Sallie was not at all fearless.  She was in fact, a beautiful little girl, with child like wonderment for life, and that child got raped and pillaged by the hatred and prejudices of this world.  In my profession, one of the things we do is help people become their own loving and protective parent.  For many reasons I won't go into, Sallie was never able to do that, and suffered deeply for it.

But that vulnerability also enabled her to see into the future in ways that most people avoid because we are too invested in the status quo.  The first meeting Stonewall had after West Hollywood became a city was a forum to discuss the creation of "Domestic Partnerships" for GLBTQ people UNTIL we could get marriage equality.

In 1984, she understood that we would not be completely "free" until we could have our love blessed and ensconced by the same laws that straight people take for granted.  Destroying that barrier was for her, the core of our "rights" and she was the first person I know to publicly engage the question in an open forum.  It was from that forum that the impetus to enact current Domestic Partnership laws in the new city of West Hollywood, Los Angeles county, and other jurisdictions arose. 

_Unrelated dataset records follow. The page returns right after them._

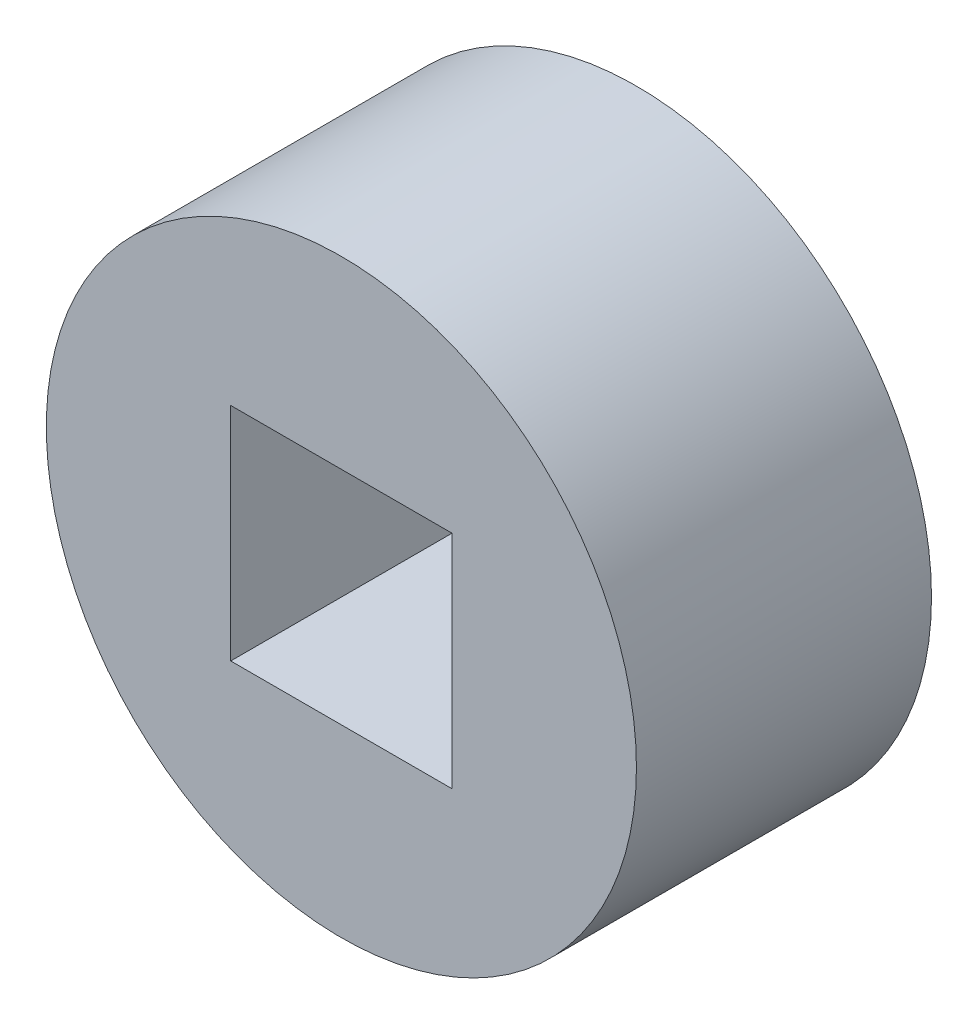
ISO-10303-21;
HEADER;
FILE_DESCRIPTION(('STEP AP214'),'2;1');
FILE_NAME('part.step','',(''),(''),'','','');
FILE_SCHEMA(('AUTOMOTIVE_DESIGN { 1 0 10303 214 1 1 1 1 }'));
ENDSEC;
DATA;
#1=APPLICATION_CONTEXT('core data for automotive mechanical design processes');
#2=APPLICATION_PROTOCOL_DEFINITION('international standard','automotive_design',2000,#1);
#3=PRODUCT_CONTEXT('',#1,'mechanical');
#4=PRODUCT('Part','Part','',(#3));
#5=PRODUCT_RELATED_PRODUCT_CATEGORY('part','',(#4));
#6=PRODUCT_DEFINITION_FORMATION('','',#4);
#7=PRODUCT_DEFINITION_CONTEXT('part definition',#1,'design');
#8=PRODUCT_DEFINITION('design','',#6,#7);
#9=PRODUCT_DEFINITION_SHAPE('','',#8);
#10=(LENGTH_UNIT() NAMED_UNIT(*) SI_UNIT(.MILLI.,.METRE.));
#11=(NAMED_UNIT(*) PLANE_ANGLE_UNIT() SI_UNIT($,.RADIAN.));
#12=(NAMED_UNIT(*) SI_UNIT($,.STERADIAN.) SOLID_ANGLE_UNIT());
#13=UNCERTAINTY_MEASURE_WITH_UNIT(LENGTH_MEASURE(1.E-05),#10,'distance_accuracy_value','');
#14=(GEOMETRIC_REPRESENTATION_CONTEXT(3) GLOBAL_UNCERTAINTY_ASSIGNED_CONTEXT((#13)) GLOBAL_UNIT_ASSIGNED_CONTEXT((#10,
#11,#12)) REPRESENTATION_CONTEXT('',''));
#15=CARTESIAN_POINT('',(0.,0.,0.));
#16=DIRECTION('',(0.,0.,1.));
#17=DIRECTION('',(1.,0.,0.));
#18=AXIS2_PLACEMENT_3D('',#15,#16,#17);
#19=CARTESIAN_POINT('',(0.,0.,4.));
#20=DIRECTION('',(0.,0.,1.));
#21=DIRECTION('',(1.,0.,0.));
#22=AXIS2_PLACEMENT_3D('',#19,#20,#21);
#23=PLANE('',#22);
#24=CARTESIAN_POINT('',(0.,0.,4.));
#25=DIRECTION('',(0.,0.,1.));
#26=DIRECTION('',(1.,0.,0.));
#27=AXIS2_PLACEMENT_3D('',#24,#25,#26);
#28=CIRCLE('',#27,4.);
#29=CARTESIAN_POINT('',(4.,0.,4.));
#30=VERTEX_POINT('',#29);
#31=EDGE_CURVE('E11',#30,#30,#28,.T.);
#32=ORIENTED_EDGE('',*,*,#31,.T.);
#33=EDGE_LOOP('',(#32));
#34=FACE_BOUND('',#33,.T.);
#35=DIRECTION('',(-1.,0.,0.));
#36=VECTOR('',#35,1.);
#37=CARTESIAN_POINT('',(-1.5,1.5,4.));
#38=LINE('',#37,#36);
#39=CARTESIAN_POINT('',(1.5,1.5,4.));
#40=VERTEX_POINT('',#39);
#41=CARTESIAN_POINT('',(-1.5,1.5,4.));
#42=VERTEX_POINT('',#41);
#43=EDGE_CURVE('E90',#40,#42,#38,.T.);
#44=ORIENTED_EDGE('',*,*,#43,.F.);
#45=DIRECTION('',(0.,1.,0.));
#46=VECTOR('',#45,1.);
#47=CARTESIAN_POINT('',(1.5,-1.5,4.));
#48=LINE('',#47,#46);
#49=CARTESIAN_POINT('',(1.5,-1.5,4.));
#50=VERTEX_POINT('',#49);
#51=EDGE_CURVE('E81',#50,#40,#48,.T.);
#52=ORIENTED_EDGE('',*,*,#51,.F.);
#53=DIRECTION('',(1.,0.,0.));
#54=VECTOR('',#53,1.);
#55=CARTESIAN_POINT('',(-1.5,-1.5,4.));
#56=LINE('',#55,#54);
#57=CARTESIAN_POINT('',(-1.5,-1.5,4.));
#58=VERTEX_POINT('',#57);
#59=EDGE_CURVE('E106',#58,#50,#56,.T.);
#60=ORIENTED_EDGE('',*,*,#59,.F.);
#61=DIRECTION('',(0.,-1.,0.));
#62=VECTOR('',#61,1.);
#63=CARTESIAN_POINT('',(-1.5,-1.5,4.));
#64=LINE('',#63,#62);
#65=EDGE_CURVE('E102',#42,#58,#64,.T.);
#66=ORIENTED_EDGE('',*,*,#65,.F.);
#67=EDGE_LOOP('',(#44,#52,#60,#66));
#68=FACE_BOUND('',#67,.T.);
#69=ADVANCED_FACE('F39',(#34,#68),#23,.T.);
#70=CARTESIAN_POINT('',(0.,0.,0.));
#71=DIRECTION('',(0.,0.,1.));
#72=DIRECTION('',(1.,0.,0.));
#73=AXIS2_PLACEMENT_3D('',#70,#71,#72);
#74=PLANE('',#73);
#75=CARTESIAN_POINT('',(0.,0.,0.));
#76=DIRECTION('',(0.,0.,1.));
#77=DIRECTION('',(1.,0.,0.));
#78=AXIS2_PLACEMENT_3D('',#75,#76,#77);
#79=CIRCLE('',#78,4.);
#80=CARTESIAN_POINT('',(4.,0.,0.));
#81=VERTEX_POINT('',#80);
#82=EDGE_CURVE('E43',#81,#81,#79,.T.);
#83=ORIENTED_EDGE('',*,*,#82,.F.);
#84=EDGE_LOOP('',(#83));
#85=FACE_BOUND('',#84,.T.);
#86=DIRECTION('',(0.,1.,0.));
#87=VECTOR('',#86,1.);
#88=CARTESIAN_POINT('',(1.5,-1.5,0.));
#89=LINE('',#88,#87);
#90=CARTESIAN_POINT('',(1.5,-1.5,0.));
#91=VERTEX_POINT('',#90);
#92=CARTESIAN_POINT('',(1.5,1.5,0.));
#93=VERTEX_POINT('',#92);
#94=EDGE_CURVE('E63',#91,#93,#89,.T.);
#95=ORIENTED_EDGE('',*,*,#94,.T.);
#96=DIRECTION('',(-1.,0.,0.));
#97=VECTOR('',#96,1.);
#98=CARTESIAN_POINT('',(-1.5,1.5,0.));
#99=LINE('',#98,#97);
#100=CARTESIAN_POINT('',(-1.5,1.5,0.));
#101=VERTEX_POINT('',#100);
#102=EDGE_CURVE('E97',#93,#101,#99,.T.);
#103=ORIENTED_EDGE('',*,*,#102,.T.);
#104=DIRECTION('',(0.,-1.,0.));
#105=VECTOR('',#104,1.);
#106=CARTESIAN_POINT('',(-1.5,-1.5,0.));
#107=LINE('',#106,#105);
#108=CARTESIAN_POINT('',(-1.5,-1.5,0.));
#109=VERTEX_POINT('',#108);
#110=EDGE_CURVE('E115',#101,#109,#107,.T.);
#111=ORIENTED_EDGE('',*,*,#110,.T.);
#112=DIRECTION('',(1.,0.,0.));
#113=VECTOR('',#112,1.);
#114=CARTESIAN_POINT('',(-1.5,-1.5,0.));
#115=LINE('',#114,#113);
#116=EDGE_CURVE('E91',#109,#91,#115,.T.);
#117=ORIENTED_EDGE('',*,*,#116,.T.);
#118=EDGE_LOOP('',(#95,#103,#111,#117));
#119=FACE_BOUND('',#118,.T.);
#120=ADVANCED_FACE('F131',(#85,#119),#74,.F.);
#121=CARTESIAN_POINT('',(0.,0.,4.));
#122=DIRECTION('',(0.,0.,-1.));
#123=DIRECTION('',(-1.,0.,0.));
#124=AXIS2_PLACEMENT_3D('',#121,#122,#123);
#125=CYLINDRICAL_SURFACE('',#124,4.);
#126=ORIENTED_EDGE('',*,*,#31,.F.);
#127=EDGE_LOOP('',(#126));
#128=FACE_BOUND('',#127,.T.);
#129=ORIENTED_EDGE('',*,*,#82,.T.);
#130=EDGE_LOOP('',(#129));
#131=FACE_BOUND('',#130,.T.);
#132=ADVANCED_FACE('F41',(#128,#131),#125,.T.);
#133=CARTESIAN_POINT('',(1.5,-1.5,4.));
#134=DIRECTION('',(-1.,0.,0.));
#135=DIRECTION('',(0.,0.,1.));
#136=AXIS2_PLACEMENT_3D('',#133,#134,#135);
#137=PLANE('',#136);
#138=ORIENTED_EDGE('',*,*,#94,.F.);
#139=DIRECTION('',(0.,0.,-1.));
#140=VECTOR('',#139,1.);
#141=CARTESIAN_POINT('',(1.5,-1.5,4.));
#142=LINE('',#141,#140);
#143=EDGE_CURVE('E85',#50,#91,#142,.T.);
#144=ORIENTED_EDGE('',*,*,#143,.F.);
#145=ORIENTED_EDGE('',*,*,#51,.T.);
#146=DIRECTION('',(0.,0.,-1.));
#147=VECTOR('',#146,1.);
#148=CARTESIAN_POINT('',(1.5,1.5,4.));
#149=LINE('',#148,#147);
#150=EDGE_CURVE('E84',#40,#93,#149,.T.);
#151=ORIENTED_EDGE('',*,*,#150,.T.);
#152=EDGE_LOOP('',(#138,#144,#145,#151));
#153=FACE_BOUND('',#152,.T.);
#154=ADVANCED_FACE('F83',(#153),#137,.T.);
#155=CARTESIAN_POINT('',(-1.5,1.5,4.));
#156=DIRECTION('',(0.,-1.,0.));
#157=DIRECTION('',(0.,0.,-1.));
#158=AXIS2_PLACEMENT_3D('',#155,#156,#157);
#159=PLANE('',#158);
#160=ORIENTED_EDGE('',*,*,#102,.F.);
#161=ORIENTED_EDGE('',*,*,#150,.F.);
#162=ORIENTED_EDGE('',*,*,#43,.T.);
#163=DIRECTION('',(0.,0.,-1.));
#164=VECTOR('',#163,1.);
#165=CARTESIAN_POINT('',(-1.5,1.5,4.));
#166=LINE('',#165,#164);
#167=EDGE_CURVE('E99',#42,#101,#166,.T.);
#168=ORIENTED_EDGE('',*,*,#167,.T.);
#169=EDGE_LOOP('',(#160,#161,#162,#168));
#170=FACE_BOUND('',#169,.T.);
#171=ADVANCED_FACE('F94',(#170),#159,.T.);
#172=CARTESIAN_POINT('',(-1.5,-1.5,4.));
#173=DIRECTION('',(1.,0.,0.));
#174=DIRECTION('',(0.,0.,-1.));
#175=AXIS2_PLACEMENT_3D('',#172,#173,#174);
#176=PLANE('',#175);
#177=ORIENTED_EDGE('',*,*,#110,.F.);
#178=ORIENTED_EDGE('',*,*,#167,.F.);
#179=ORIENTED_EDGE('',*,*,#65,.T.);
#180=DIRECTION('',(0.,0.,-1.));
#181=VECTOR('',#180,1.);
#182=CARTESIAN_POINT('',(-1.5,-1.5,4.));
#183=LINE('',#182,#181);
#184=EDGE_CURVE('E55',#58,#109,#183,.T.);
#185=ORIENTED_EDGE('',*,*,#184,.T.);
#186=EDGE_LOOP('',(#177,#178,#179,#185));
#187=FACE_BOUND('',#186,.T.);
#188=ADVANCED_FACE('F129',(#187),#176,.T.);
#189=CARTESIAN_POINT('',(-1.5,-1.5,4.));
#190=DIRECTION('',(0.,1.,0.));
#191=DIRECTION('',(0.,0.,1.));
#192=AXIS2_PLACEMENT_3D('',#189,#190,#191);
#193=PLANE('',#192);
#194=ORIENTED_EDGE('',*,*,#116,.F.);
#195=ORIENTED_EDGE('',*,*,#184,.F.);
#196=ORIENTED_EDGE('',*,*,#59,.T.);
#197=ORIENTED_EDGE('',*,*,#143,.T.);
#198=EDGE_LOOP('',(#194,#195,#196,#197));
#199=FACE_BOUND('',#198,.T.);
#200=ADVANCED_FACE('F132',(#199),#193,.T.);
#201=CLOSED_SHELL('',(#69,#120,#132,#154,#171,#188,#200));
#202=MANIFOLD_SOLID_BREP('B2',#201);
#203=ADVANCED_BREP_SHAPE_REPRESENTATION('',(#18,#202),#14);
#204=SHAPE_DEFINITION_REPRESENTATION(#9,#203);
ENDSEC;
END-ISO-10303-21;

One day we were having dinner at the French Quarter restaurant on the patio and one of the first Toyota Prius's went by.  She looked at me and said, "Do you realize that we are witnessing the end of the internal combustion engine?" 

Her intellect and achievements were celebrated by those who came to memorialize her.  Malcolm Boyd said it best of her writing and perspectives, "She was just so damn good."  

Her remains are in a mausoleum space, loving donated by Hollywood Forever, where her parents first started out, she is resting from her burdens.

Sallie was another of my friends who encouraged me to write.  That wish for me echoes in the chambers of my heart, and I hope that I am honoring her legacy and her wish.